Forschungsthematik

Science Day 2016

Moderne massenspektrometrische Verfahren stellen ein unverzichtbares Werkzeug in der biomedizinischen Forschung und der klinischen Analytik dar. Die Abteilung Biomedizinische Massenspektrometrie widmet sich der methodischen Weiterentwicklung der zwei wichtigsten Ionisierungsmethoden für die massenspektrometrische Analyse großer Biomoleküle, der in Münster entwickelten Matrix-unterstützten Laserdesorptions-/Ionisations-Massenspektrometrie (MALDI-MS) und der Elektrospray-Ionisierungs-Massenspektrometrie (ESI-MSI).Im Bereich der Lasermassenspektrometrie entwickeln wir in unseren Projekten u. a. neuartige Nachionisationsverfahren für die bildgebende MALDI-Massenspektrometrie, eine noch junge Methode, mittels derer sich die Verteilungen zahlreicher Biomoleküle (insbesondere von Peptiden, Lipiden und Metaboliten) in Gewebeschnitten mit hoher lateraler Auflösung darstellen lassen. Mit der Einführung der MALDI-2 genannten Technologie, bei der sekundäre MALDI-artige Ionisationsprozesse in der Gasphase durch einen zweiten Laserstrahl initiiert werden, gelang es uns kürzlich, die Nachweisgrenzen der hochauflösenden bildgebenden Massenspektrometrie für eine Vielzahl wichtiger Biomoleküle um zwei Größenordnungen und mehr zu senken. So konnte erstmals die Verteilung von fettlöslichen Vitaminen in Gewebeschnitten mit einer lateralen Auflösung von etwa 10 Mikrometern dargestellt werden.

Eine Animation dazu zeigt ein  Video, aufgenommen für den Science Day der Medizinischen Fakultät.

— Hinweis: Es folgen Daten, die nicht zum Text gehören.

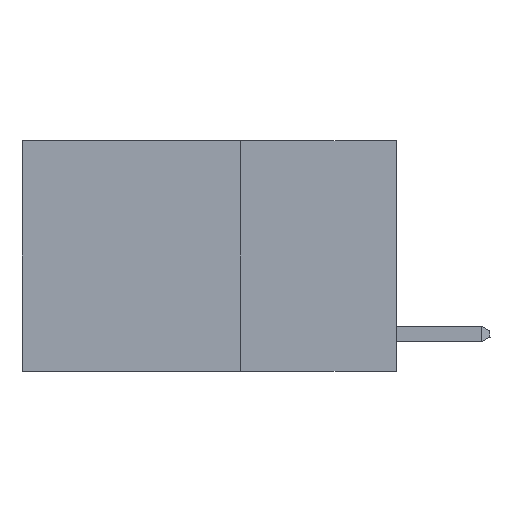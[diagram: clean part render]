
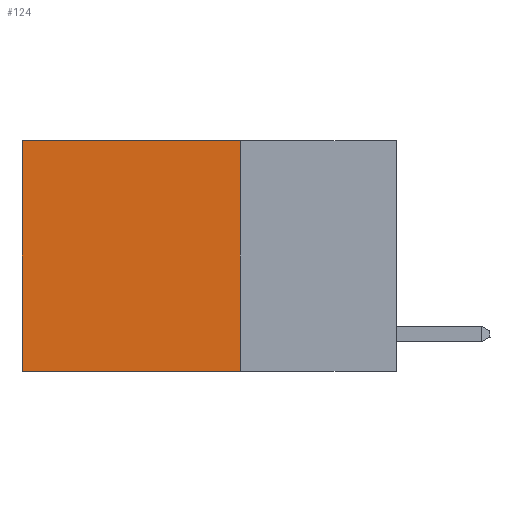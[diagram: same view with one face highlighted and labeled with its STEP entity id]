
A CAD part, left-side view. The second image highlights one B-rep face of the part: STEP entity #124.
In plain terms, the highlighted planar face has unit normal (-1, 0, 0).
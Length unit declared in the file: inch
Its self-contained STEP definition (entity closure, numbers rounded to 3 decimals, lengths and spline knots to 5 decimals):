
#104 = VERTEX_POINT ( 'NONE', #3703 ) ;
#124 = ADVANCED_FACE ( 'NONE', ( #5318 ), #10516, .F. ) ;
#313 = VECTOR ( 'NONE', #4555, 39.37008 ) ;
#640 = EDGE_CURVE ( 'NONE', #3943, #2547, #5304, .T. ) ;
#998 = LINE ( 'NONE', #3549, #4276 ) ;
#1025 = LINE ( 'NONE', #4498, #313 ) ;
#1447 = LINE ( 'NONE', #6322, #2911 ) ;
#1887 = DIRECTION ( 'NONE',  ( 1., 0., 0. ) ) ;
#2547 = VERTEX_POINT ( 'NONE', #10814 ) ;
#2911 = VECTOR ( 'NONE', #7300, 39.37008 ) ;
#3391 = EDGE_LOOP ( 'NONE', ( #7566, #8890, #5827, #5694 ) ) ;
#3517 = VECTOR ( 'NONE', #8070, 39.37008 ) ;
#3549 = CARTESIAN_POINT ( 'NONE',  ( 0.2625, 0.25, 0. ) ) ;
#3703 = CARTESIAN_POINT ( 'NONE',  ( 0.2625, 0.6, -0.37 ) ) ;
#3943 = VERTEX_POINT ( 'NONE', #5110 ) ;
#4020 = EDGE_CURVE ( 'NONE', #2547, #104, #1447, .T. ) ;
#4259 = EDGE_CURVE ( 'NONE', #10767, #104, #1025, .T. ) ;
#4276 = VECTOR ( 'NONE', #7053, 39.37008 ) ;
#4498 = CARTESIAN_POINT ( 'NONE',  ( 0.2625, 0.6, 0. ) ) ;
#4555 = DIRECTION ( 'NONE',  ( 0., 0., -1. ) ) ;
#4563 = CARTESIAN_POINT ( 'NONE',  ( 0.2625, 0.25, 0. ) ) ;
#5110 = CARTESIAN_POINT ( 'NONE',  ( 0.2625, 0.25, 0. ) ) ;
#5304 = LINE ( 'NONE', #4563, #3517 ) ;
#5318 = FACE_OUTER_BOUND ( 'NONE', #3391, .T. ) ;
#5694 = ORIENTED_EDGE ( 'NONE', *, *, #8404, .T. ) ;
#5827 = ORIENTED_EDGE ( 'NONE', *, *, #640, .F. ) ;
#6322 = CARTESIAN_POINT ( 'NONE',  ( 0.2625, 0.25, -0.37 ) ) ;
#7053 = DIRECTION ( 'NONE',  ( 0., 1., 0. ) ) ;
#7155 = DIRECTION ( 'NONE',  ( 0., 0., -1. ) ) ;
#7300 = DIRECTION ( 'NONE',  ( 0., 1., 0. ) ) ;
#7359 = AXIS2_PLACEMENT_3D ( 'NONE', #10686, #1887, #7155 ) ;
#7566 = ORIENTED_EDGE ( 'NONE', *, *, #4259, .T. ) ;
#8070 = DIRECTION ( 'NONE',  ( 0., 0., -1. ) ) ;
#8404 = EDGE_CURVE ( 'NONE', #3943, #10767, #998, .T. ) ;
#8890 = ORIENTED_EDGE ( 'NONE', *, *, #4020, .F. ) ;
#10315 = CARTESIAN_POINT ( 'NONE',  ( 0.2625, 0.6, 0. ) ) ;
#10516 = PLANE ( 'NONE',  #7359 ) ;
#10686 = CARTESIAN_POINT ( 'NONE',  ( 0.2625, 0.25, 0. ) ) ;
#10767 = VERTEX_POINT ( 'NONE', #10315 ) ;
#10814 = CARTESIAN_POINT ( 'NONE',  ( 0.2625, 0.25, -0.37 ) ) ;

Ein Ziel aktueller drittmittelgeförderter Vorhaben ist es, die laterale Auflösung auf 1 bis 2 Mikrometer weiter zu verbessern, um so zukünftig einzelne Zellen chemisch abbilden zu können. In einem eng verwandten Projekt beschäftigen wir uns mit Verbesserungen zur quantitativen bildgebenden MALDI-Massenspektrometrie, um absolute Angaben über die in dem Mikro-Gewebepunkt enthaltenden Stoffmengen zu erhalten. Die methodischen Fortschritte möchten wir nutzen, um die Rolle von Signalstoffen und Rezeptoren in Infektions- und Entzündungsprozessen besser zu verstehen.

Wir erwarten, dass wir durch die Gewinnung eines umfassenderen chemischen Profils (Metabolom) von Mikroorganismen deren chemische Kommunikation mit der Umgebung, zum Beispiel innerhalb von Biofilmen, besser verstehen werden. So könnten möglicherweise neue Ansätze für eine Vermeidung von Oberflächenkontaminationen auf klinischen Materialien wie Kathetern aufgezeigt werden. Auf der Oberfläche von eukaryontischen Zellen finden sich eine Vielzahl von glykosylierten (Zucker-tragenden) Molekülen. Diese Glykokonjugate spielen bei einer Vielzahl von biologischen Prozessen wie zum Beispiel der Signalübertragung und der Zellerkennung eine wichtige Rolle oder dienen als Rezeptoren von Bakterien, Viren oder anderen Pathogenitätsfaktoren. Die strukturelle Charakterisierung von Glykokonjugaten und ihrer Bindungspartner und darüber hinaus die strukturelle und thermodynamische Analyse ihrer nicht-kovalenten Wechselwirkung ist für das Verständnis der Rezeptor-Liganden-Bindungsprozesse essentiell.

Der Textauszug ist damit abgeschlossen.